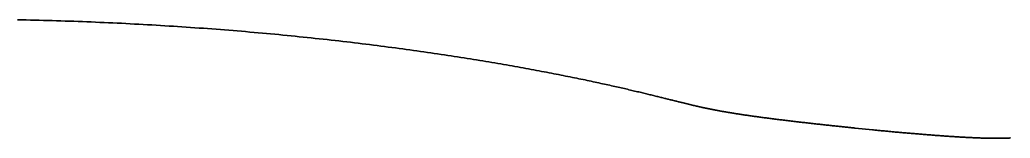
# Model space of a CAD drawing. Header units: inches. Extents: x 130170 to 284068, y 377793 to 804530.
# Drawn here: x 254112.97 to 254155.53, y 753944.52 to 753949.62 of the extents above; entities that cross this region are included whole.
import ezdxf

# ---------------------------------------------------------------- set-up
doc = ezdxf.new("R2010")
doc.units = ezdxf.units.IN
doc.header["$MEASUREMENT"] = 0
doc.layers.add('muni_il', color=7, linetype='Continuous')

msp = doc.modelspace()

# ---------------------------------------------------------------- linework, layer by layer
at = {"layer": 'muni_il'}
for points in [[(254155.54, 753944.531), (254155.518, 753944.53), (254155.496, 753944.529), (254155.474, 753944.529), (254155.453, 753944.528), (254155.431, 753944.527), (254155.409, 753944.527), (254155.387, 753944.526), (254155.366, 753944.525), (254155.344, 753944.525), (254155.323, 753944.524), (254155.301, 753944.524), (254155.28, 753944.523), (254155.258, 753944.523), (254155.237, 753944.522), (254155.215, 753944.522), (254155.194, 753944.522), (254155.172, 753944.521), (254155.151, 753944.521), (254155.129, 753944.521), (254155.108, 753944.52), (254155.087, 753944.52), (254155.065, 753944.52), (254155.044, 753944.52), (254155.022, 753944.519), (254155.001, 753944.519), (254154.979, 753944.519), (254154.958, 753944.519), (254154.936, 753944.519), (254154.915, 753944.519), (254154.893, 753944.519), (254154.872, 753944.519), (254154.85, 753944.519), (254154.828, 753944.519), (254154.807, 753944.519), (254154.785, 753944.519), (254154.763, 753944.519), (254154.741, 753944.52), (254154.719, 753944.52), (254154.697, 753944.52), (254154.675, 753944.52), (254154.653, 753944.521), (254154.631, 753944.521), (254154.609, 753944.521), (254154.587, 753944.522), (254154.564, 753944.522), (254154.542, 753944.522), (254154.519, 753944.523), (254154.497, 753944.523), (254154.474, 753944.524), (254154.451, 753944.524), (254154.428, 753944.525), (254154.405, 753944.526), (254154.382, 753944.526), (254154.359, 753944.527), (254154.335, 753944.527), (254154.312, 753944.528), (254154.288, 753944.529), (254154.264, 753944.529), (254154.241, 753944.53), (254154.217, 753944.531), (254154.192, 753944.532), (254154.168, 753944.533), (254154.144, 753944.534), (254154.119, 753944.535), (254154.095, 753944.536), (254154.07, 753944.536), (254154.045, 753944.537), (254154.02, 753944.538), (254153.994, 753944.54), (254153.969, 753944.541), (254153.943, 753944.542), (254153.918, 753944.543), (254153.891, 753944.544), (254153.865, 753944.545), (254153.839, 753944.547), (254153.813, 753944.548), (254153.786, 753944.549), (254153.759, 753944.55), (254153.732, 753944.552), (254153.705, 753944.553), (254153.677, 753944.555), (254153.65, 753944.556), (254153.622, 753944.557), (254153.594, 753944.559), (254153.565, 753944.56), (254153.537, 753944.562), (254153.508, 753944.564), (254153.479, 753944.565), (254153.45, 753944.567), (254153.42, 753944.569), (254153.391, 753944.57), (254153.361, 753944.572), (254153.331, 753944.574), (254153.301, 753944.576), (254153.27, 753944.578), (254153.239, 753944.58), (254153.208, 753944.581), (254153.177, 753944.583), (254153.145, 753944.585), (254153.114, 753944.587), (254153.082, 753944.59), (254153.049, 753944.592), (254153.017, 753944.594), (254152.984, 753944.596), (254152.951, 753944.598), (254152.918, 753944.6), (254152.884, 753944.603), (254152.85, 753944.605), (254152.816, 753944.607), (254152.782, 753944.61), (254152.747, 753944.612), (254152.712, 753944.615), (254152.677, 753944.617), (254152.642, 753944.62), (254152.606, 753944.622), (254152.57, 753944.625), (254152.534, 753944.627), (254152.497, 753944.63), (254152.46, 753944.633), (254152.423, 753944.635), (254152.386, 753944.638), (254152.348, 753944.641), (254152.31, 753944.644), (254152.272, 753944.647), (254152.234, 753944.65), (254152.195, 753944.653), (254152.156, 753944.656), (254152.117, 753944.659), (254152.077, 753944.662), (254152.038, 753944.665), (254151.998, 753944.668), (254151.957, 753944.671), (254151.917, 753944.675), (254151.876, 753944.678), (254151.835, 753944.681), (254151.793, 753944.684), (254151.752, 753944.688), (254151.71, 753944.691), (254151.668, 753944.695), (254151.625, 753944.698), (254151.583, 753944.702), (254151.54, 753944.705), (254151.497, 753944.709), (254151.453, 753944.712), (254151.41, 753944.716), (254151.366, 753944.72), (254151.322, 753944.724), (254151.278, 753944.727), (254151.233, 753944.731), (254151.189, 753944.735), (254151.144, 753944.739), (254151.099, 753944.743), (254151.054, 753944.747), (254151.008, 753944.75), (254150.962, 753944.754), (254150.917, 753944.759), (254150.871, 753944.763), (254150.825, 753944.767), (254150.778, 753944.771), (254150.732, 753944.775), (254150.685, 753944.779), (254150.639, 753944.783), (254150.592, 753944.787), (254150.545, 753944.792), (254150.498, 753944.796), (254150.451, 753944.8), (254150.404, 753944.805), (254150.357, 753944.809), (254150.31, 753944.813), (254150.263, 753944.818), (254150.216, 753944.822), (254150.169, 753944.826), (254150.122, 753944.831), (254150.075, 753944.835), (254150.028, 753944.84), (254149.982, 753944.844), (254149.935, 753944.848), (254149.889, 753944.853), (254149.843, 753944.857), (254149.796, 753944.862), (254149.751, 753944.866), (254149.705, 753944.871), (254149.66, 753944.875), (254149.614, 753944.88), (254148.872, 753944.957), (254148.844, 753944.96), (254148.828, 753944.961), (254148.811, 753944.963), (254148.792, 753944.965), (254148.773, 753944.967), (254148.752, 753944.969), (254148.731, 753944.971), (254148.708, 753944.974), (254148.684, 753944.976), (254148.66, 753944.979), (254148.634, 753944.981), (254148.608, 753944.984), (254148.581, 753944.987), (254148.553, 753944.989), (254148.525, 753944.993), (254148.496, 753944.996), (254148.466, 753944.999), (254148.436, 753945.002), (254148.405, 753945.005), (254148.373, 753945.008), (254148.341, 753945.012), (254148.308, 753945.015), (254148.275, 753945.019), (254148.242, 753945.022), (254148.207, 753945.026), (254148.173, 753945.029), (254148.138, 753945.033), (254148.103, 753945.037), (254148.067, 753945.041), (254148.031, 753945.044), (254147.995, 753945.048), (254147.958, 753945.052), (254147.921, 753945.056), (254147.884, 753945.06), (254147.847, 753945.064), (254147.809, 753945.068), (254147.771, 753945.072), (254147.733, 753945.076), (254147.694, 753945.08), (254147.656, 753945.085), (254147.617, 753945.089), (254147.578, 753945.093), (254147.539, 753945.097), (254147.5, 753945.102), (254147.46, 753945.106), (254147.421, 753945.11), (254147.381, 753945.114), (254147.342, 753945.119), (254147.302, 753945.123), (254147.262, 753945.128), (254147.222, 753945.132), (254147.182, 753945.137), (254147.142, 753945.141), (254147.102, 753945.145), (254147.062, 753945.15), (254147.022, 753945.154), (254146.982, 753945.159), (254146.942, 753945.163), (254146.902, 753945.168), (254146.862, 753945.172), (254146.822, 753945.177), (254146.782, 753945.182), (254146.742, 753945.186), (254146.702, 753945.191), (254146.662, 753945.195), (254146.622, 753945.2), (254146.582, 753945.204), (254146.543, 753945.209), (254146.503, 753945.213), (254146.464, 753945.218), (254146.424, 753945.223), (254146.385, 753945.227), (254146.346, 753945.232), (254146.306, 753945.236), (254146.267, 753945.241), (254146.228, 753945.245), (254146.19, 753945.25), (254146.151, 753945.255), (254146.112, 753945.259), (254146.074, 753945.264), (254146.035, 753945.268), (254145.997, 753945.273), (254145.959, 753945.278), (254145.921, 753945.282), (254145.883, 753945.287), (254145.845, 753945.291), (254145.808, 753945.296), (254145.77, 753945.3), (254145.733, 753945.305), (254145.696, 753945.309), (254145.659, 753945.314), (254145.622, 753945.318), (254145.586, 753945.323), (254145.549, 753945.328), (254145.513, 753945.332), (254145.477, 753945.337), (254145.44, 753945.341), (254145.405, 753945.346), (254145.369, 753945.35), (254145.333, 753945.355), (254145.298, 753945.359), (254145.263, 753945.364), (254145.228, 753945.368), (254145.193, 753945.373), (254145.158, 753945.377), (254145.123, 753945.382), (254145.089, 753945.386), (254145.055, 753945.391), (254145.02, 753945.395), (254144.986, 753945.4), (254144.953, 753945.404), (254144.919, 753945.409), (254144.886, 753945.413), (254144.852, 753945.418), (254144.819, 753945.422), (254144.786, 753945.427), (254144.753, 753945.431), (254144.721, 753945.435), (254144.688, 753945.44), (254144.656, 753945.444), (254144.624, 753945.449), (254144.592, 753945.453), (254144.56, 753945.458), (254144.528, 753945.462), (254144.497, 753945.467), (254144.465, 753945.471), (254144.434, 753945.475), (254144.403, 753945.48), (254144.372, 753945.484), (254144.341, 753945.489), (254144.311, 753945.493), (254144.28, 753945.498), (254144.25, 753945.502), (254144.22, 753945.506), (254144.19, 753945.511), (254144.16, 753945.515), (254144.13, 753945.52), (254144.101, 753945.524), (254144.071, 753945.528), (254144.042, 753945.533), (254144.013, 753945.537), (254143.984, 753945.542), (254143.955, 753945.546), (254143.927, 753945.55), (254143.898, 753945.555), (254143.87, 753945.559), (254143.842, 753945.564), (254143.813, 753945.568), (254143.785, 753945.572), (254143.758, 753945.577), (254143.73, 753945.581), (254143.702, 753945.585), (254143.675, 753945.59), (254143.648, 753945.594), (254143.62, 753945.599), (254143.593, 753945.603), (254143.566, 753945.607), (254143.54, 753945.612), (254143.513, 753945.616), (254143.486, 753945.621), (254143.46, 753945.625), (254143.434, 753945.629), (254143.408, 753945.634), (254143.381, 753945.638), (254143.356, 753945.643), (254143.33, 753945.647), (254143.304, 753945.651), (254143.278, 753945.656), (254143.253, 753945.66), (254143.227, 753945.665), (254143.202, 753945.669), (254143.177, 753945.674), (254143.152, 753945.678), (254143.127, 753945.683), (254143.102, 753945.687), (254143.077, 753945.692), (254143.052, 753945.696), (254143.028, 753945.701), (254143.003, 753945.705), (254142.978, 753945.71), (254142.954, 753945.714), (254142.93, 753945.719), (254142.905, 753945.723), (254142.881, 753945.728), (254142.857, 753945.733), (254142.833, 753945.737), (254142.809, 753945.742), (254142.785, 753945.746), (254142.76, 753945.751), (254142.737, 753945.756), (254142.713, 753945.761), (254142.689, 753945.765), (254142.665, 753945.77), (254142.641, 753945.775), (254142.617, 753945.78), (254142.593, 753945.784), (254142.57, 753945.789), (254142.546, 753945.794), (254142.522, 753945.799), (254142.498, 753945.804), (254142.474, 753945.809), (254142.45, 753945.814), (254142.426, 753945.819), (254142.403, 753945.824), (254142.378, 753945.829), (254142.355, 753945.834), (254142.33, 753945.84), (254142.306, 753945.845), (254142.282, 753945.85), (254142.258, 753945.856), (254142.234, 753945.861), (254142.209, 753945.866), (254142.185, 753945.872), (254142.16, 753945.877), (254142.135, 753945.883), (254142.11, 753945.889), (254142.085, 753945.894), (254142.06, 753945.9), (254142.035, 753945.906), (254142.009, 753945.912), (254141.984, 753945.918), (254141.958, 753945.924), (254141.932, 753945.93), (254141.906, 753945.936), (254141.88, 753945.942), (254141.853, 753945.948), (254141.827, 753945.955), (254141.8, 753945.961), (254141.773, 753945.968), (254141.745, 753945.974), (254141.718, 753945.981), (254141.69, 753945.988), (254141.661, 753945.995), (254141.633, 753946.002), (254141.604, 753946.009), (254141.575, 753946.016), (254141.546, 753946.023), (254141.516, 753946.03), (254141.486, 753946.038), (254141.456, 753946.045), (254141.425, 753946.053), (254141.394, 753946.06), (254141.363, 753946.068), (254141.331, 753946.076), (254141.299, 753946.084), (254141.266, 753946.092), (254141.234, 753946.1), (254141.2, 753946.109), (254141.166, 753946.117), (254141.132, 753946.126), (254141.097, 753946.134), (254141.062, 753946.143), (254141.026, 753946.152), (254140.99, 753946.161), (254140.954, 753946.17), (254140.916, 753946.18), (254140.879, 753946.189), (254140.841, 753946.199), (254140.802, 753946.208), (254140.762, 753946.218), (254140.723, 753946.228), (254140.682, 753946.238), (254140.641, 753946.249), (254140.599, 753946.259), (254140.557, 753946.27), (254140.514, 753946.28), (254140.471, 753946.291), (254140.426, 753946.302), (254140.382, 753946.313), (254140.336, 753946.324), (254140.29, 753946.336), (254140.243, 753946.347), (254140.195, 753946.359), (254140.147, 753946.371), (254140.098, 753946.383), (254140.048, 753946.395), (254139.998, 753946.407), (254139.947, 753946.42), (254139.895, 753946.432), (254139.842, 753946.445), (254139.788, 753946.458), (254139.734, 753946.471), (254139.679, 753946.484), (254139.623, 753946.498), (254139.566, 753946.511), (254139.508, 753946.525), (254139.45, 753946.539), (254139.39, 753946.553), (254139.33, 753946.567), (254139.269, 753946.581), (254139.207, 753946.596), (254139.144, 753946.611), (254139.081, 753946.626), (254139.016, 753946.641), (254138.95, 753946.656), (254138.884, 753946.671), (254138.816, 753946.687), (254138.748, 753946.702), (254138.679, 753946.718), (254138.608, 753946.734), (254138.537, 753946.75), (254138.465, 753946.766), (254138.391, 753946.782), (254138.317, 753946.799), (254138.242, 753946.816), (254138.166, 753946.833), (254138.089, 753946.85), (254138.01, 753946.867), (254137.931, 753946.884), (254137.851, 753946.902), (254137.77, 753946.919), (254137.687, 753946.937), (254137.604, 753946.955), (254137.519, 753946.973), (254137.434, 753946.991), (254137.347, 753947.009), (254137.26, 753947.028), (254137.171, 753947.046), (254137.081, 753947.065), (254136.991, 753947.084), (254136.899, 753947.103), (254136.806, 753947.122), (254136.712, 753947.141), (254136.617, 753947.16), (254136.52, 753947.18), (254136.423, 753947.199), (254136.325, 753947.219), (254136.225, 753947.239), (254136.124, 753947.259), (254136.023, 753947.279), (254135.92, 753947.299), (254135.816, 753947.319), (254135.711, 753947.339), (254135.605, 753947.36), (254135.498, 753947.38), (254135.39, 753947.401), (254135.28, 753947.421), (254135.17, 753947.442), (254135.058, 753947.463), (254134.946, 753947.484), (254134.832, 753947.505), (254134.717, 753947.526), (254134.601, 753947.547), (254134.484, 753947.568), (254134.366, 753947.59), (254134.246, 753947.611), (254134.126, 753947.632), (254134.005, 753947.654), (254133.882, 753947.675), (254133.759, 753947.697), (254133.634, 753947.718), (254133.508, 753947.74), (254133.382, 753947.761), (254133.254, 753947.783), (254133.125, 753947.805), (254132.995, 753947.827), (254132.864, 753947.848), (254132.732, 753947.87), (254132.599, 753947.892), (254132.465, 753947.914), (254132.33, 753947.935), (254132.194, 753947.957), (254132.057, 753947.979), (254131.918, 753948.001), (254131.779, 753948.022), (254131.639, 753948.044), (254131.498, 753948.066), (254131.356, 753948.088), (254131.213, 753948.109), (254131.069, 753948.131), (254130.924, 753948.152), (254130.778, 753948.174), (254130.631, 753948.196), (254130.484, 753948.217), (254130.335, 753948.238), (254130.185, 753948.26), (254130.035, 753948.281), (254129.883, 753948.302), (254129.731, 753948.324), (254129.578, 753948.345), (254129.424, 753948.366), (254129.269, 753948.387), (254129.113, 753948.408), (254128.956, 753948.428), (254128.799, 753948.449), (254128.641, 753948.47), (254128.482, 753948.49), (254128.322, 753948.511), (254128.161, 753948.531), (254128, 753948.551), (254127.838, 753948.572), (254127.675, 753948.592), (254127.511, 753948.612), (254127.347, 753948.631), (254127.182, 753948.651), (254127.016, 753948.671), (254126.849, 753948.69), (254126.682, 753948.709), (254126.514, 753948.728), (254126.346, 753948.748), (254126.176, 753948.766), (254126.006, 753948.785), (254125.836, 753948.804), (254125.665, 753948.822), (254125.493, 753948.84), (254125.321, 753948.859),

**Exercise**
Exact repeats of the lines from the first one in the data through the line containing "doc.units = ezdxf.units.IN" make up the answer. Pictures do not.

**Reply to the exercise**
# Model space of a CAD drawing. Header units: inches. Extents: x 130170 to 284068, y 377793 to 804530.
# Drawn here: x 254112.97 to 254155.53, y 753944.52 to 753949.62 of the extents above; entities that cross this region are included whole.
import ezdxf

# ---------------------------------------------------------------- set-up
doc = ezdxf.new("R2010")
doc.units = ezdxf.units.IN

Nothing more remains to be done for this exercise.